Krachttraining voor hardlopers
Hardloopprestatie
De prestaties van het hardlopen zijn afhankelijk van fysiologische, psychologische, biomechanische en omgevingsfactoren. Gekeken vanuit een fysiologisch oogpunt zijn er drie hoofdparameters, namelijk de ‘running economy’, de maximale zuurstofopname (VO2max) en fractional utilization (percentage van de VO2max dat voor langere tijd kan worden volgehouden). Running economy zegt iets over de hoeveelheid energie die nodig is om een bepaalde afstand af te leggen. Een lage running economy betekent dus dat er weinig energie nodig is voor het afleggen van een bepaalde afstand, wat je een betere hardloper maakt. Maak je veel trainingsuren, dan wordt je running economy vanzelf beter.
Waarom krachttraining
Krachttraining kent verschillende voordelen in de ontwikkeling van spieren. Het maakt spieren sterker, maar ook de coördinatie en samenwerking tussen de verschillende spieren verbeterd. Running economy is onder andere afhankelijk van spierkracht, waaronder het creëren van snelkracht bij het grondcontact (afzetfase). Verder heeft krachttraining het gunstige effect dat spieren minder snel in de verzuring komen, wat ook de hardloopprestaties bevorderd.
Wat te doen
Kortom, krachttraining lijkt een goede optie te zijn om je hardloopprestaties te verbeteren. Een periode van 6-20 weken van krachttraining verbetert de running economy met 2-8%. Praktisch gezien zou een hardloper met deze verbetering dus relatief makkelijker een wedstrijd kunnen lopen. Deze verbeteringen werden gevonden bij matig getrainde, goed getrainde en zeer goed getrainde hardlopers. Ook werden deze verbeteringen gezien bij verschillende loopafstanden van middellang (3-5km) tot langeafstand (10km). Dit wil zeggen dat vele verschillende type hardlopers voordeel kan halen uit krachttraining.

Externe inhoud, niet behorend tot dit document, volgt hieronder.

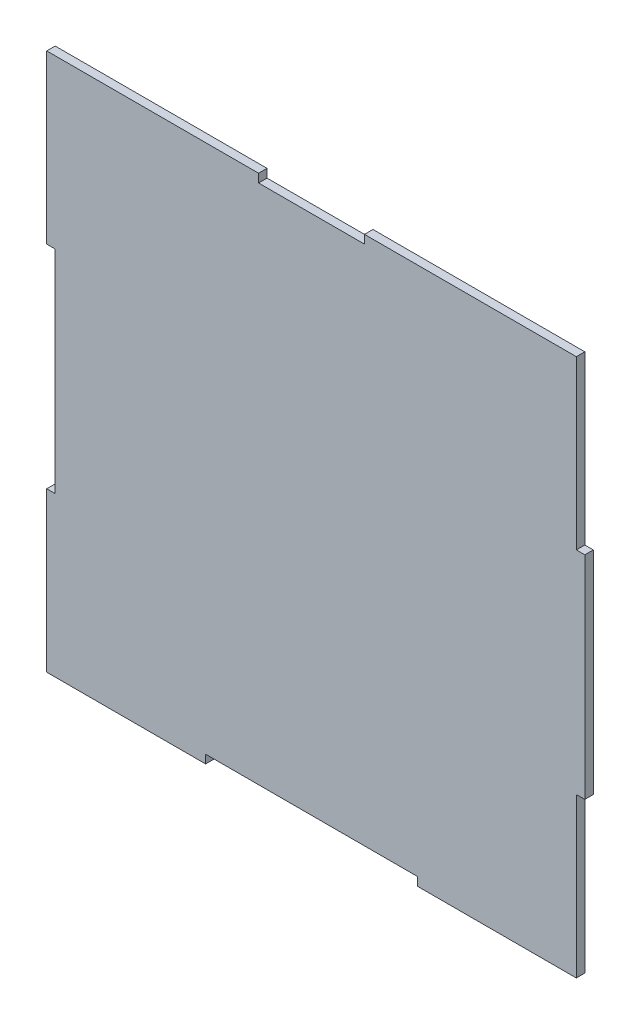
ISO-10303-21;
HEADER;
FILE_DESCRIPTION(('STEP AP214'),'2;1');
FILE_NAME('part.step','',(''),(''),'','','');
FILE_SCHEMA(('AUTOMOTIVE_DESIGN { 1 0 10303 214 1 1 1 1 }'));
ENDSEC;
DATA;
#1=APPLICATION_CONTEXT('core data for automotive mechanical design processes');
#2=APPLICATION_PROTOCOL_DEFINITION('international standard','automotive_design',2000,#1);
#3=PRODUCT_CONTEXT('',#1,'mechanical');
#4=PRODUCT('Part','Part','',(#3));
#5=PRODUCT_RELATED_PRODUCT_CATEGORY('part','',(#4));
#6=PRODUCT_DEFINITION_FORMATION('','',#4);
#7=PRODUCT_DEFINITION_CONTEXT('part definition',#1,'design');
#8=PRODUCT_DEFINITION('design','',#6,#7);
#9=PRODUCT_DEFINITION_SHAPE('','',#8);
#10=(LENGTH_UNIT() NAMED_UNIT(*) SI_UNIT(.MILLI.,.METRE.));
#11=(NAMED_UNIT(*) PLANE_ANGLE_UNIT() SI_UNIT($,.RADIAN.));
#12=(NAMED_UNIT(*) SI_UNIT($,.STERADIAN.) SOLID_ANGLE_UNIT());
#13=UNCERTAINTY_MEASURE_WITH_UNIT(LENGTH_MEASURE(1.E-05),#10,'distance_accuracy_value','');
#14=(GEOMETRIC_REPRESENTATION_CONTEXT(3) GLOBAL_UNCERTAINTY_ASSIGNED_CONTEXT((#13)) GLOBAL_UNIT_ASSIGNED_CONTEXT((#10,
#11,#12)) REPRESENTATION_CONTEXT('',''));
#15=CARTESIAN_POINT('',(0.,0.,0.));
#16=DIRECTION('',(0.,0.,1.));
#17=DIRECTION('',(1.,0.,0.));
#18=AXIS2_PLACEMENT_3D('',#15,#16,#17);
#19=CARTESIAN_POINT('',(-77.1815206878133,-124.72771896828,4.));
#20=DIRECTION('',(0.,1.,0.));
#21=DIRECTION('',(0.,0.,1.));
#22=AXIS2_PLACEMENT_3D('',#19,#20,#21);
#23=PLANE('',#22);
#24=DIRECTION('',(1.,0.,0.));
#25=VECTOR('',#24,1.);
#26=CARTESIAN_POINT('',(-77.1815206878133,-124.72771896828,0.));
#27=LINE('',#26,#25);
#28=CARTESIAN_POINT('',(-77.1815206878133,-124.72771896828,0.));
#29=VERTEX_POINT('',#28);
#30=CARTESIAN_POINT('',(-2.18152068781335,-124.72771896828,0.));
#31=VERTEX_POINT('',#30);
#32=EDGE_CURVE('E211',#29,#31,#27,.T.);
#33=ORIENTED_EDGE('',*,*,#32,.T.);
#34=DIRECTION('',(0.,0.,-1.));
#35=VECTOR('',#34,1.);
#36=CARTESIAN_POINT('',(-2.18152068781335,-124.72771896828,4.));
#37=LINE('',#36,#35);
#38=CARTESIAN_POINT('',(-2.18152068781335,-124.72771896828,4.));
#39=VERTEX_POINT('',#38);
#40=EDGE_CURVE('E11',#39,#31,#37,.T.);
#41=ORIENTED_EDGE('',*,*,#40,.F.);
#42=DIRECTION('',(1.,0.,0.));
#43=VECTOR('',#42,1.);
#44=CARTESIAN_POINT('',(-77.1815206878133,-124.72771896828,4.));
#45=LINE('',#44,#43);
#46=CARTESIAN_POINT('',(-77.1815206878133,-124.72771896828,4.));
#47=VERTEX_POINT('',#46);
#48=EDGE_CURVE('E251',#47,#39,#45,.T.);
#49=ORIENTED_EDGE('',*,*,#48,.F.);
#50=DIRECTION('',(0.,0.,-1.));
#51=VECTOR('',#50,1.);
#52=CARTESIAN_POINT('',(-77.1815206878133,-124.72771896828,4.));
#53=LINE('',#52,#51);
#54=EDGE_CURVE('E207',#47,#29,#53,.T.);
#55=ORIENTED_EDGE('',*,*,#54,.T.);
#56=EDGE_LOOP('',(#33,#41,#49,#55));
#57=FACE_BOUND('',#56,.T.);
#58=ADVANCED_FACE('F43',(#57),#23,.F.);
#59=CARTESIAN_POINT('',(-2.18152068781335,-124.72771896828,4.));
#60=DIRECTION('',(-1.,0.,0.));
#61=DIRECTION('',(0.,0.,1.));
#62=AXIS2_PLACEMENT_3D('',#59,#60,#61);
#63=PLANE('',#62);
#64=DIRECTION('',(0.,1.,0.));
#65=VECTOR('',#64,1.);
#66=CARTESIAN_POINT('',(-2.18152068781335,-124.72771896828,0.));
#67=LINE('',#66,#65);
#68=CARTESIAN_POINT('',(-2.18152068781335,-49.72771896828,0.));
#69=VERTEX_POINT('',#68);
#70=EDGE_CURVE('E214',#31,#69,#67,.T.);
#71=ORIENTED_EDGE('',*,*,#70,.T.);
#72=DIRECTION('',(0.,0.,-1.));
#73=VECTOR('',#72,1.);
#74=CARTESIAN_POINT('',(-2.18152068781335,-49.72771896828,4.));
#75=LINE('',#74,#73);
#76=CARTESIAN_POINT('',(-2.18152068781335,-49.72771896828,4.));
#77=VERTEX_POINT('',#76);
#78=EDGE_CURVE('E51',#77,#69,#75,.T.);
#79=ORIENTED_EDGE('',*,*,#78,.F.);
#80=DIRECTION('',(0.,1.,0.));
#81=VECTOR('',#80,1.);
#82=CARTESIAN_POINT('',(-2.18152068781335,-124.72771896828,4.));
#83=LINE('',#82,#81);
#84=EDGE_CURVE('E138',#39,#77,#83,.T.);
#85=ORIENTED_EDGE('',*,*,#84,.F.);
#86=ORIENTED_EDGE('',*,*,#40,.T.);
#87=EDGE_LOOP('',(#71,#79,#85,#86));
#88=FACE_BOUND('',#87,.T.);
#89=ADVANCED_FACE('F368',(#88),#63,.F.);
#90=CARTESIAN_POINT('',(-2.18152068781335,-49.72771896828,4.));
#91=DIRECTION('',(0.,1.,0.));
#92=DIRECTION('',(0.,0.,1.));
#93=AXIS2_PLACEMENT_3D('',#90,#91,#92);
#94=PLANE('',#93);
#95=DIRECTION('',(1.,0.,0.));
#96=VECTOR('',#95,1.);
#97=CARTESIAN_POINT('',(-2.18152068781335,-49.72771896828,0.));
#98=LINE('',#97,#96);
#99=CARTESIAN_POINT('',(1.81847931218665,-49.72771896828,0.));
#100=VERTEX_POINT('',#99);
#101=EDGE_CURVE('E216',#69,#100,#98,.T.);
#102=ORIENTED_EDGE('',*,*,#101,.T.);
#103=DIRECTION('',(0.,0.,-1.));
#104=VECTOR('',#103,1.);
#105=CARTESIAN_POINT('',(1.81847931218665,-49.72771896828,4.));
#106=LINE('',#105,#104);
#107=CARTESIAN_POINT('',(1.81847931218665,-49.72771896828,4.));
#108=VERTEX_POINT('',#107);
#109=EDGE_CURVE('E294',#108,#100,#106,.T.);
#110=ORIENTED_EDGE('',*,*,#109,.F.);
#111=DIRECTION('',(1.,0.,0.));
#112=VECTOR('',#111,1.);
#113=CARTESIAN_POINT('',(-2.18152068781335,-49.72771896828,4.));
#114=LINE('',#113,#112);
#115=EDGE_CURVE('E302',#77,#108,#114,.T.);
#116=ORIENTED_EDGE('',*,*,#115,.F.);
#117=ORIENTED_EDGE('',*,*,#78,.T.);
#118=EDGE_LOOP('',(#102,#110,#116,#117));
#119=FACE_BOUND('',#118,.T.);
#120=ADVANCED_FACE('F300',(#119),#94,.F.);
#121=CARTESIAN_POINT('',(1.81847931218665,-49.72771896828,4.));
#122=DIRECTION('',(-1.,0.,0.));
#123=DIRECTION('',(0.,0.,1.));
#124=AXIS2_PLACEMENT_3D('',#121,#122,#123);
#125=PLANE('',#124);
#126=DIRECTION('',(0.,1.,0.));
#127=VECTOR('',#126,1.);
#128=CARTESIAN_POINT('',(1.81847931218665,-49.72771896828,0.));
#129=LINE('',#128,#127);
#130=CARTESIAN_POINT('',(1.81847931218665,50.27228103172,0.));
#131=VERTEX_POINT('',#130);
#132=EDGE_CURVE('E218',#100,#131,#129,.T.);
#133=ORIENTED_EDGE('',*,*,#132,.T.);
#134=DIRECTION('',(0.,0.,-1.));
#135=VECTOR('',#134,1.);
#136=CARTESIAN_POINT('',(1.81847931218665,50.27228103172,4.));
#137=LINE('',#136,#135);
#138=CARTESIAN_POINT('',(1.81847931218665,50.27228103172,4.));
#139=VERTEX_POINT('',#138);
#140=EDGE_CURVE('E291',#139,#131,#137,.T.);
#141=ORIENTED_EDGE('',*,*,#140,.F.);
#142=DIRECTION('',(0.,1.,0.));
#143=VECTOR('',#142,1.);
#144=CARTESIAN_POINT('',(1.81847931218665,-49.72771896828,4.));
#145=LINE('',#144,#143);
#146=EDGE_CURVE('E319',#108,#139,#145,.T.);
#147=ORIENTED_EDGE('',*,*,#146,.F.);
#148=ORIENTED_EDGE('',*,*,#109,.T.);
#149=EDGE_LOOP('',(#133,#141,#147,#148));
#150=FACE_BOUND('',#149,.T.);
#151=ADVANCED_FACE('F310',(#150),#125,.F.);
#152=CARTESIAN_POINT('',(1.81847931218665,50.27228103172,4.));
#153=DIRECTION('',(0.,-1.,0.));
#154=DIRECTION('',(0.,0.,-1.));
#155=AXIS2_PLACEMENT_3D('',#152,#153,#154);
#156=PLANE('',#155);
#157=DIRECTION('',(-1.,0.,0.));
#158=VECTOR('',#157,1.);
#159=CARTESIAN_POINT('',(1.81847931218665,50.27228103172,0.));
#160=LINE('',#159,#158);
#161=CARTESIAN_POINT('',(-2.18152068781335,50.27228103172,0.));
#162=VERTEX_POINT('',#161);
#163=EDGE_CURVE('E220',#131,#162,#160,.T.);
#164=ORIENTED_EDGE('',*,*,#163,.T.);
#165=DIRECTION('',(0.,0.,-1.));
#166=VECTOR('',#165,1.);
#167=CARTESIAN_POINT('',(-2.18152068781335,50.27228103172,4.));
#168=LINE('',#167,#166);
#169=CARTESIAN_POINT('',(-2.18152068781335,50.27228103172,4.));
#170=VERTEX_POINT('',#169);
#171=EDGE_CURVE('E288',#170,#162,#168,.T.);
#172=ORIENTED_EDGE('',*,*,#171,.F.);
#173=DIRECTION('',(-1.,0.,0.));
#174=VECTOR('',#173,1.);
#175=CARTESIAN_POINT('',(1.81847931218665,50.27228103172,4.));
#176=LINE('',#175,#174);
#177=EDGE_CURVE('E316',#139,#170,#176,.T.);
#178=ORIENTED_EDGE('',*,*,#177,.F.);
#179=ORIENTED_EDGE('',*,*,#140,.T.);
#180=EDGE_LOOP('',(#164,#172,#178,#179));
#181=FACE_BOUND('',#180,.T.);
#182=ADVANCED_FACE('F314',(#181),#156,.F.);
#183=CARTESIAN_POINT('',(-2.18152068781335,129.27228103172,4.));
#184=DIRECTION('',(-1.,0.,0.));
#185=DIRECTION('',(0.,0.,1.));
#186=AXIS2_PLACEMENT_3D('',#183,#184,#185);
#187=PLANE('',#186);
#188=DIRECTION('',(0.,1.,0.));
#189=VECTOR('',#188,1.);
#190=CARTESIAN_POINT('',(-2.18152068781335,129.27228103172,0.));
#191=LINE('',#190,#189);
#192=CARTESIAN_POINT('',(-2.18152068781335,129.27228103172,0.));
#193=VERTEX_POINT('',#192);
#194=EDGE_CURVE('E223',#162,#193,#191,.T.);
#195=ORIENTED_EDGE('',*,*,#194,.T.);
#196=DIRECTION('',(0.,0.,-1.));
#197=VECTOR('',#196,1.);
#198=CARTESIAN_POINT('',(-2.18152068781335,129.27228103172,4.));
#199=LINE('',#198,#197);
#200=CARTESIAN_POINT('',(-2.18152068781335,129.27228103172,4.));
#201=VERTEX_POINT('',#200);
#202=EDGE_CURVE('E285',#201,#193,#199,.T.);
#203=ORIENTED_EDGE('',*,*,#202,.F.);
#204=DIRECTION('',(0.,1.,0.));
#205=VECTOR('',#204,1.);
#206=CARTESIAN_POINT('',(-2.18152068781335,50.27228103172,4.));
#207=LINE('',#206,#205);
#208=EDGE_CURVE('E318',#170,#201,#207,.T.);
#209=ORIENTED_EDGE('',*,*,#208,.F.);
#210=ORIENTED_EDGE('',*,*,#171,.T.);
#211=EDGE_LOOP('',(#195,#203,#209,#210));
#212=FACE_BOUND('',#211,.T.);
#213=ADVANCED_FACE('F381',(#212),#187,.F.);
#214=CARTESIAN_POINT('',(-102.181520687813,129.27228103172,4.));
#215=DIRECTION('',(0.,-1.,0.));
#216=DIRECTION('',(0.,0.,-1.));
#217=AXIS2_PLACEMENT_3D('',#214,#215,#216);
#218=PLANE('',#217);
#219=DIRECTION('',(-1.,0.,0.));
#220=VECTOR('',#219,1.);
#221=CARTESIAN_POINT('',(-102.181520687813,129.27228103172,0.));
#222=LINE('',#221,#220);
#223=CARTESIAN_POINT('',(-102.181520687813,129.27228103172,0.));
#224=VERTEX_POINT('',#223);
#225=EDGE_CURVE('E225',#193,#224,#222,.T.);
#226=ORIENTED_EDGE('',*,*,#225,.T.);
#227=DIRECTION('',(0.,0.,-1.));
#228=VECTOR('',#227,1.);
#229=CARTESIAN_POINT('',(-102.181520687813,129.27228103172,4.));
#230=LINE('',#229,#228);
#231=CARTESIAN_POINT('',(-102.181520687813,129.27228103172,4.));
#232=VERTEX_POINT('',#231);
#233=EDGE_CURVE('E282',#232,#224,#230,.T.);
#234=ORIENTED_EDGE('',*,*,#233,.F.);
#235=DIRECTION('',(-1.,0.,0.));
#236=VECTOR('',#235,1.);
#237=CARTESIAN_POINT('',(-102.181520687813,129.27228103172,4.));
#238=LINE('',#237,#236);
#239=EDGE_CURVE('E321',#201,#232,#238,.T.);
#240=ORIENTED_EDGE('',*,*,#239,.F.);
#241=ORIENTED_EDGE('',*,*,#202,.T.);
#242=EDGE_LOOP('',(#226,#234,#240,#241));
#243=FACE_BOUND('',#242,.T.);
#244=ADVANCED_FACE('F384',(#243),#218,.F.);
#245=CARTESIAN_POINT('',(-102.181520687813,125.27228103172,4.));
#246=DIRECTION('',(1.,0.,0.));
#247=DIRECTION('',(0.,0.,-1.));
#248=AXIS2_PLACEMENT_3D('',#245,#246,#247);
#249=PLANE('',#248);
#250=DIRECTION('',(0.,-1.,0.));
#251=VECTOR('',#250,1.);
#252=CARTESIAN_POINT('',(-102.181520687813,125.27228103172,0.));
#253=LINE('',#252,#251);
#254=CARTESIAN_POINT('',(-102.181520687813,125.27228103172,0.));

Wat het beste werkt zijn krachtoefeningen in de ‘vrije ruimte’. Dat wil zeggen; oefeningen waarbij je geen gebruik maakt van een apparaat. Wanneer je in de vrije ruimte oefeningen doet wordt er o.a. meer vereist van coördinatie, samenwerking van meerdere spiergroepen en over de controle in verschillende beweegvlakken. Dit sluit meer aan op de biomechanica van het hardlopen en is hierdoor functioneler. Voorbeelden van oefeningen zijn (seated) calf raises, lunges, squats, step-ups en deadlifts.
Traingingsvariabelen:
- 3-6 series per oefening
- 5-15 herhalingen per serie
- 2 minuten rust tussen de series
- 60-80% van je maximaal haalbare intensiteit
- 2-3 trainingssessies per week (in de voorbereidende fase) en 1 trainingssessie per week (in de competitiefase)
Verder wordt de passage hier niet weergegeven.